A tool for assisting in the forensic investigation of cyber-security incidents

Abstract

The exponential growth of networking capabilities including the Internet of Things (IoT), has led to an outburst of cyberattacks. Many well-documented cyber-attacks have targeted critical energy infrastructures as well as any kind of cloud-based IT platforms. Early examination of critical systems’ vulnerabilities, as well as previous cyber-security incidents, are of utmost importance to prevent new ones. A thorough investigation to examine the context of the cyber-security breach can reveal facts about the source of the attack, the profile of the attacker, the resources, and the skills required and can further reveal mitigations for preventing the attack from re-appearing in the future. To safeguard critical energy infrastructures, many forensic approaches have been developed to collect, analyze, and digitalize evidence assisting in the in-depth investigation of an incident. However, up to now, the many open-source vulnerability data sources which have been developed to provide valuable information for a cyber-attack are yet to be employed to assist in forensic investigation.
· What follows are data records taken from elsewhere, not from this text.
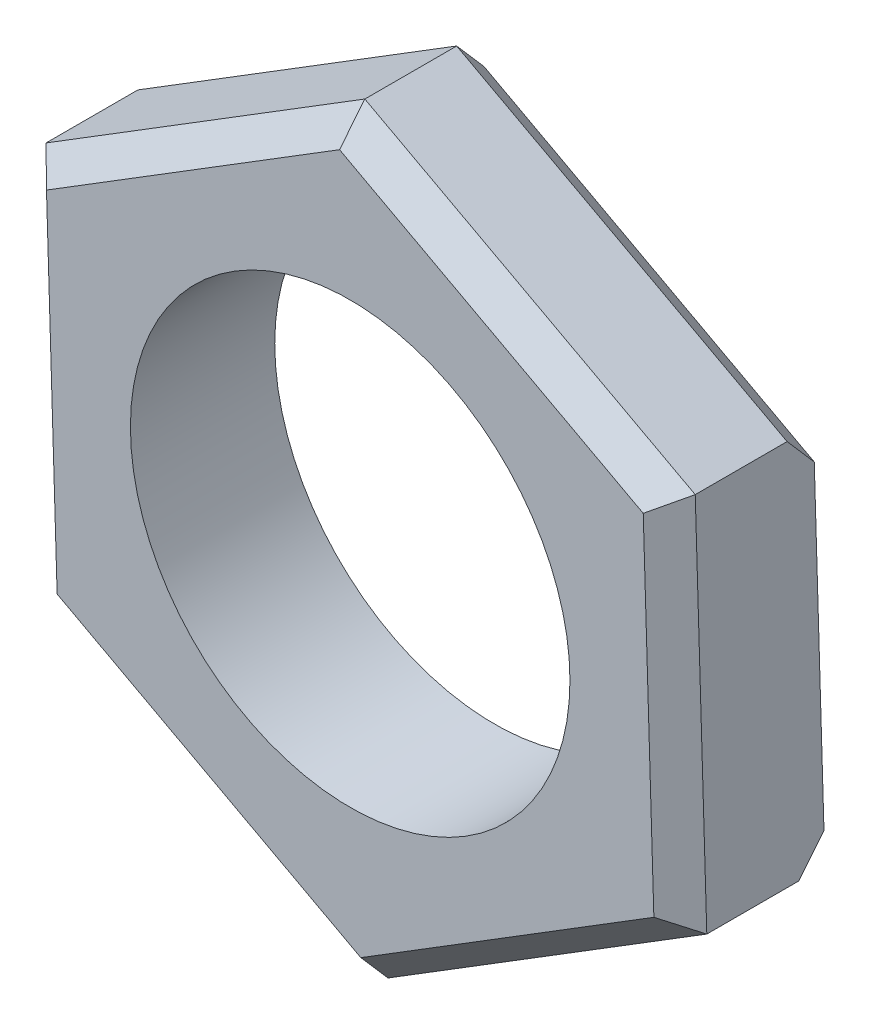
ISO-10303-21;
HEADER;
FILE_DESCRIPTION(('STEP AP214'),'2;1');
FILE_NAME('part.step','',(''),(''),'','','');
FILE_SCHEMA(('AUTOMOTIVE_DESIGN { 1 0 10303 214 1 1 1 1 }'));
ENDSEC;
DATA;
#1=APPLICATION_CONTEXT('core data for automotive mechanical design processes');
#2=APPLICATION_PROTOCOL_DEFINITION('international standard','automotive_design',2000,#1);
#3=PRODUCT_CONTEXT('',#1,'mechanical');
#4=PRODUCT('Part','Part','',(#3));
#5=PRODUCT_RELATED_PRODUCT_CATEGORY('part','',(#4));
#6=PRODUCT_DEFINITION_FORMATION('','',#4);
#7=PRODUCT_DEFINITION_CONTEXT('part definition',#1,'design');
#8=PRODUCT_DEFINITION('design','',#6,#7);
#9=PRODUCT_DEFINITION_SHAPE('','',#8);
#10=(LENGTH_UNIT() NAMED_UNIT(*) SI_UNIT(.MILLI.,.METRE.));
#11=(NAMED_UNIT(*) PLANE_ANGLE_UNIT() SI_UNIT($,.RADIAN.));
#12=(NAMED_UNIT(*) SI_UNIT($,.STERADIAN.) SOLID_ANGLE_UNIT());
#13=UNCERTAINTY_MEASURE_WITH_UNIT(LENGTH_MEASURE(1.E-05),#10,'distance_accuracy_value','');
#14=(GEOMETRIC_REPRESENTATION_CONTEXT(3) GLOBAL_UNCERTAINTY_ASSIGNED_CONTEXT((#13)) GLOBAL_UNIT_ASSIGNED_CONTEXT((#10,
#11,#12)) REPRESENTATION_CONTEXT('',''));
#15=CARTESIAN_POINT('',(0.,0.,0.));
#16=DIRECTION('',(0.,0.,1.));
#17=DIRECTION('',(1.,0.,0.));
#18=AXIS2_PLACEMENT_3D('',#15,#16,#17);
#19=CARTESIAN_POINT('',(0.,0.,2.2));
#20=DIRECTION('',(0.,0.,1.));
#21=DIRECTION('',(1.,0.,0.));
#22=AXIS2_PLACEMENT_3D('',#19,#20,#21);
#23=PLANE('',#22);
#24=DIRECTION('',(0.850174875779734,0.526500408919988,0.));
#25=VECTOR('',#24,1.);
#26=CARTESIAN_POINT('',(4.82527789286489,-2.3636186783467,2.2));
#27=LINE('',#26,#25);
#28=CARTESIAN_POINT('',(0.162215305662874,-5.25138263012152,2.2));
#29=VERTEX_POINT('',#28);
#30=CARTESIAN_POINT('',(4.62893841550902,-2.48520873947406,2.2));
#31=VERTEX_POINT('',#30);
#32=EDGE_CURVE('E51',#29,#31,#27,.T.);
#33=ORIENTED_EDGE('',*,*,#32,.T.);
#34=DIRECTION('',(-0.0308752913377375,0.999523244544523,0.));
#35=VECTOR('',#34,1.);
#36=CARTESIAN_POINT('',(4.45959276674008,2.99700389636709,2.2));
#37=LINE('',#36,#35);
#38=CARTESIAN_POINT('',(4.46672310984614,2.76617389064747,2.2));
#39=VERTEX_POINT('',#38);
#40=EDGE_CURVE('E11',#31,#39,#37,.T.);
#41=ORIENTED_EDGE('',*,*,#40,.T.);
#42=DIRECTION('',(-0.881050167117471,0.473022835624535,0.));
#43=VECTOR('',#42,1.);
#44=CARTESIAN_POINT('',(-0.365685126124808,5.36062257471379,2.2));
#45=LINE('',#44,#43);
#46=CARTESIAN_POINT('',(-0.162215305662873,5.25138263012153,2.2));
#47=VERTEX_POINT('',#46);
#48=EDGE_CURVE('E226',#39,#47,#45,.T.);
#49=ORIENTED_EDGE('',*,*,#48,.T.);
#50=DIRECTION('',(-0.850174875779734,-0.526500408919988,0.));
#51=VECTOR('',#50,1.);
#52=CARTESIAN_POINT('',(-4.82527789286489,2.3636186783467,2.2));
#53=LINE('',#52,#51);
#54=CARTESIAN_POINT('',(-4.62893841550902,2.48520873947406,2.2));
#55=VERTEX_POINT('',#54);
#56=EDGE_CURVE('E162',#47,#55,#53,.T.);
#57=ORIENTED_EDGE('',*,*,#56,.T.);
#58=DIRECTION('',(0.0308752913377375,-0.999523244544523,0.));
#59=VECTOR('',#58,1.);
#60=CARTESIAN_POINT('',(-4.45959276674008,-2.99700389636709,2.2));
#61=LINE('',#60,#59);
#62=CARTESIAN_POINT('',(-4.46672310984614,-2.76617389064747,2.2));
#63=VERTEX_POINT('',#62);
#64=EDGE_CURVE('E231',#55,#63,#61,.T.);
#65=ORIENTED_EDGE('',*,*,#64,.T.);
#66=DIRECTION('',(0.881050167117471,-0.473022835624535,0.));
#67=VECTOR('',#66,1.);
#68=CARTESIAN_POINT('',(0.365685126124808,-5.36062257471379,2.2));
#69=LINE('',#68,#67);
#70=EDGE_CURVE('E62',#63,#29,#69,.T.);
#71=ORIENTED_EDGE('',*,*,#70,.T.);
#72=EDGE_LOOP('',(#33,#41,#49,#57,#65,#71));
#73=FACE_BOUND('',#72,.T.);
#74=CARTESIAN_POINT('',(0.,0.,2.2));
#75=DIRECTION('',(0.,0.,1.));
#76=DIRECTION('',(1.,0.,0.));
#77=AXIS2_PLACEMENT_3D('',#74,#75,#76);
#78=CIRCLE('',#77,3.35);
#79=CARTESIAN_POINT('',(3.35,0.,2.2));
#80=VERTEX_POINT('',#79);
#81=EDGE_CURVE('E328',#80,#80,#78,.T.);
#82=ORIENTED_EDGE('',*,*,#81,.F.);
#83=EDGE_LOOP('',(#82));
#84=FACE_BOUND('',#83,.T.);
#85=ADVANCED_FACE('F41',(#73,#84),#23,.T.);
#86=CARTESIAN_POINT('',(0.,0.,0.));
#87=DIRECTION('',(0.,0.,1.));
#88=DIRECTION('',(1.,0.,0.));
#89=AXIS2_PLACEMENT_3D('',#86,#87,#88);
#90=PLANE('',#89);
#91=DIRECTION('',(0.850174875779734,0.526500408919988,0.));
#92=VECTOR('',#91,1.);
#93=CARTESIAN_POINT('',(-2.39557686058594,3.86829568479778,0.));
#94=LINE('',#93,#92);
#95=CARTESIAN_POINT('',(-4.62893841550901,2.48520873947405,0.));
#96=VERTEX_POINT('',#95);
#97=CARTESIAN_POINT('',(-0.162215305662872,5.25138263012152,0.));
#98=VERTEX_POINT('',#97);
#99=EDGE_CURVE('E191',#96,#98,#94,.T.);
#100=ORIENTED_EDGE('',*,*,#99,.T.);
#101=DIRECTION('',(0.881050167117471,-0.473022835624535,0.));
#102=VECTOR('',#101,1.);
#103=CARTESIAN_POINT('',(2.15225390209163,4.00877826038449,0.));
#104=LINE('',#103,#102);
#105=CARTESIAN_POINT('',(4.87366275077001,2.54769400146293,0.));
#106=VERTEX_POINT('',#105);
#107=EDGE_CURVE('E194',#98,#106,#104,.T.);
#108=ORIENTED_EDGE('',*,*,#107,.T.);
#109=DIRECTION('',(-0.0308752913377374,0.999523244544523,0.));
#110=VECTOR('',#109,1.);
#111=CARTESIAN_POINT('',(5.03587805643288,-2.70368862865859,0.));
#112=LINE('',#111,#110);
#113=CARTESIAN_POINT('',(5.02161737022076,-2.24202861721933,0.));
#114=VERTEX_POINT('',#113);
#115=EDGE_CURVE('E286',#114,#106,#112,.T.);
#116=ORIENTED_EDGE('',*,*,#115,.F.);
#117=DIRECTION('',(-0.850174875779734,-0.526500408919988,0.));
#118=VECTOR('',#117,1.);
#119=CARTESIAN_POINT('',(2.39557686058594,-3.86829568479778,0.));
#120=LINE('',#119,#118);
#121=CARTESIAN_POINT('',(0.162215305662873,-5.25138263012152,0.));
#122=VERTEX_POINT('',#121);
#123=EDGE_CURVE('E177',#114,#122,#120,.T.);
#124=ORIENTED_EDGE('',*,*,#123,.T.);
#125=DIRECTION('',(-0.881050167117471,0.473022835624535,0.));
#126=VECTOR('',#125,1.);
#127=CARTESIAN_POINT('',(-2.15225390209163,-4.00877826038449,0.));
#128=LINE('',#127,#126);
#129=CARTESIAN_POINT('',(-4.46672310984614,-2.76617389064746,0.));
#130=VERTEX_POINT('',#129);
#131=EDGE_CURVE('E185',#122,#130,#128,.T.);
#132=ORIENTED_EDGE('',*,*,#131,.T.);
#133=DIRECTION('',(-0.0308752913377375,0.999523244544523,0.));
#134=VECTOR('',#133,1.);
#135=CARTESIAN_POINT('',(-4.54783076267757,-0.140482575586705,0.));
#136=LINE('',#135,#134);
#137=EDGE_CURVE('E188',#130,#96,#136,.T.);
#138=ORIENTED_EDGE('',*,*,#137,.T.);
#139=EDGE_LOOP('',(#100,#108,#116,#124,#132,#138));
#140=FACE_BOUND('',#139,.T.);
#141=CARTESIAN_POINT('',(0.,0.,0.));
#142=DIRECTION('',(0.,0.,1.));
#143=DIRECTION('',(1.,0.,0.));
#144=AXIS2_PLACEMENT_3D('',#141,#142,#143);
#145=CIRCLE('',#144,3.35);
#146=CARTESIAN_POINT('',(3.35,0.,0.));
#147=VERTEX_POINT('',#146);
#148=EDGE_CURVE('E253',#147,#147,#145,.T.);
#149=ORIENTED_EDGE('',*,*,#148,.T.);
#150=EDGE_LOOP('',(#149));
#151=FACE_BOUND('',#150,.T.);
#152=ADVANCED_FACE('F325',(#140,#151),#90,.F.);
#153=CARTESIAN_POINT('',(0.176475991874994,-5.71304264156078,2.2));
#154=DIRECTION('',(-0.526500408919988,0.850174875779734,0.));
#155=DIRECTION('',(-0.850174875779734,-0.526500408919988,0.));
#156=AXIS2_PLACEMENT_3D('',#153,#154,#155);
#157=PLANE('',#156);
#158=DIRECTION('',(0.,0.,-1.));
#159=VECTOR('',#158,1.);
#160=CARTESIAN_POINT('',(0.176475991874994,-5.71304264156078,2.2));
#161=LINE('',#160,#159);
#162=CARTESIAN_POINT('',(0.176475991874994,-5.71304264156078,1.8));
#163=VERTEX_POINT('',#162);
#164=CARTESIAN_POINT('',(0.176475991874994,-5.71304264156078,0.400000000000002));
#165=VERTEX_POINT('',#164);
#166=EDGE_CURVE('E280',#163,#165,#161,.T.);
#167=ORIENTED_EDGE('',*,*,#166,.T.);
#168=DIRECTION('',(0.850174875779734,0.526500408919988,0.));
#169=VECTOR('',#168,1.);
#170=CARTESIAN_POINT('',(0.176475991874994,-5.71304264156078,0.400000000000002));
#171=LINE('',#170,#169);
#172=CARTESIAN_POINT('',(5.03587805643288,-2.70368862865859,0.400000000000002));
#173=VERTEX_POINT('',#172);
#174=EDGE_CURVE('E223',#165,#173,#171,.T.);
#175=ORIENTED_EDGE('',*,*,#174,.T.);
#176=DIRECTION('',(0.,0.,-1.));
#177=VECTOR('',#176,1.);
#178=CARTESIAN_POINT('',(5.03587805643288,-2.70368862865859,2.2));
#179=LINE('',#178,#177);
#180=CARTESIAN_POINT('',(5.03587805643288,-2.70368862865859,1.8));
#181=VERTEX_POINT('',#180);
#182=EDGE_CURVE('E173',#181,#173,#179,.T.);
#183=ORIENTED_EDGE('',*,*,#182,.F.);
#184=DIRECTION('',(-0.850174875779734,-0.526500408919988,0.));
#185=VECTOR('',#184,1.);
#186=CARTESIAN_POINT('',(0.176475991874994,-5.71304264156078,1.8));
#187=LINE('',#186,#185);
#188=EDGE_CURVE('E220',#181,#163,#187,.T.);
#189=ORIENTED_EDGE('',*,*,#188,.T.);
#190=EDGE_LOOP('',(#167,#175,#183,#189));
#191=FACE_BOUND('',#190,.T.);
#192=ADVANCED_FACE('F314',(#191),#157,.F.);
#193=CARTESIAN_POINT('',(5.03587805643288,-2.70368862865859,2.2));
#194=DIRECTION('',(-0.999523244544523,-0.0308752913377374,0.));
#195=DIRECTION('',(0.0308752913377375,-0.999523244544523,0.));
#196=AXIS2_PLACEMENT_3D('',#193,#194,#195);
#197=PLANE('',#196);
#198=ORIENTED_EDGE('',*,*,#115,.T.);
#199=DIRECTION('',(0.0233395264389487,-0.755568552769489,-0.654653670707974));
#200=VECTOR('',#199,1.);
#201=CARTESIAN_POINT('',(4.85940206455789,3.00935401290219,0.400000000000003));
#202=LINE('',#201,#200);
#203=CARTESIAN_POINT('',(4.85940206455789,3.00935401290219,0.400000000000003));
#204=VERTEX_POINT('',#203);
#205=EDGE_CURVE('E144',#106,#204,#202,.F.);
#206=ORIENTED_EDGE('',*,*,#205,.T.);
#207=DIRECTION('',(0.,0.,-1.));
#208=VECTOR('',#207,1.);
#209=CARTESIAN_POINT('',(4.85940206455789,3.00935401290219,2.2));
#210=LINE('',#209,#208);
#211=CARTESIAN_POINT('',(4.85940206455789,3.00935401290219,1.8));
#212=VERTEX_POINT('',#211);
#213=EDGE_CURVE('E156',#212,#204,#210,.T.);
#214=ORIENTED_EDGE('',*,*,#213,.F.);
#215=DIRECTION('',(0.0308752913377375,-0.999523244544523,0.));
#216=VECTOR('',#215,1.);
#217=CARTESIAN_POINT('',(5.03587805643288,-2.70368862865859,1.8));
#218=LINE('',#217,#216);
#219=EDGE_CURVE('E197',#212,#181,#218,.T.);
#220=ORIENTED_EDGE('',*,*,#219,.T.);
#221=ORIENTED_EDGE('',*,*,#182,.T.);
#222=DIRECTION('',(0.0233395264389487,-0.75556855276949,0.654653670707974));
#223=VECTOR('',#222,1.);
#224=CARTESIAN_POINT('',(5.08629976839717,-4.33598652624739,1.81428571428572));
#225=LINE('',#224,#223);
#226=EDGE_CURVE('E201',#173,#114,#225,.F.);
#227=ORIENTED_EDGE('',*,*,#226,.T.);
#228=EDGE_LOOP('',(#198,#206,#214,#220,#221,#227));
#229=FACE_BOUND('',#228,.T.);
#230=ADVANCED_FACE('F323',(#229),#197,.F.);
#231=CARTESIAN_POINT('',(4.85940206455789,3.00935401290219,2.2));
#232=DIRECTION('',(-0.473022835624535,-0.881050167117471,0.));
#233=DIRECTION('',(0.881050167117471,-0.473022835624535,0.));
#234=AXIS2_PLACEMENT_3D('',#231,#232,#233);
#235=PLANE('',#234);
#236=ORIENTED_EDGE('',*,*,#213,.T.);
#237=DIRECTION('',(-0.881050167117471,0.473022835624535,0.));
#238=VECTOR('',#237,1.);
#239=CARTESIAN_POINT('',(4.85940206455789,3.00935401290219,0.400000000000003));
#240=LINE('',#239,#238);
#241=CARTESIAN_POINT('',(-0.176475991874994,5.71304264156078,0.400000000000002));
#242=VERTEX_POINT('',#241);
#243=EDGE_CURVE('E154',#204,#242,#240,.T.);
#244=ORIENTED_EDGE('',*,*,#243,.T.);
#245=DIRECTION('',(0.,0.,-1.));
#246=VECTOR('',#245,1.);
#247=CARTESIAN_POINT('',(-0.176475991874994,5.71304264156078,2.2));
#248=LINE('',#247,#246);
#249=CARTESIAN_POINT('',(-0.176475991874994,5.71304264156078,1.8));
#250=VERTEX_POINT('',#249);
#251=EDGE_CURVE('E135',#250,#242,#248,.T.);
#252=ORIENTED_EDGE('',*,*,#251,.F.);
#253=DIRECTION('',(0.881050167117471,-0.473022835624535,0.));
#254=VECTOR('',#253,1.);
#255=CARTESIAN_POINT('',(4.85940206455789,3.00935401290219,1.8));
#256=LINE('',#255,#254);
#257=EDGE_CURVE('E151',#250,#212,#256,.T.);
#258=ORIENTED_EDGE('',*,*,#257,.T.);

This paper introduces the Automated Forensic Tool, a platform that employs machine learning algorithms to combine different vulnerability data sources for facilitating the forensic procedure while minimizing the time and effort needed. A use case is also demonstrated that displays how the tool can be used towards assisting the forensic investigation of cyber-security incidents on an energy infrastructure, but the tool can also be applied to other critical energy and IT infrastructures with minor adaptations.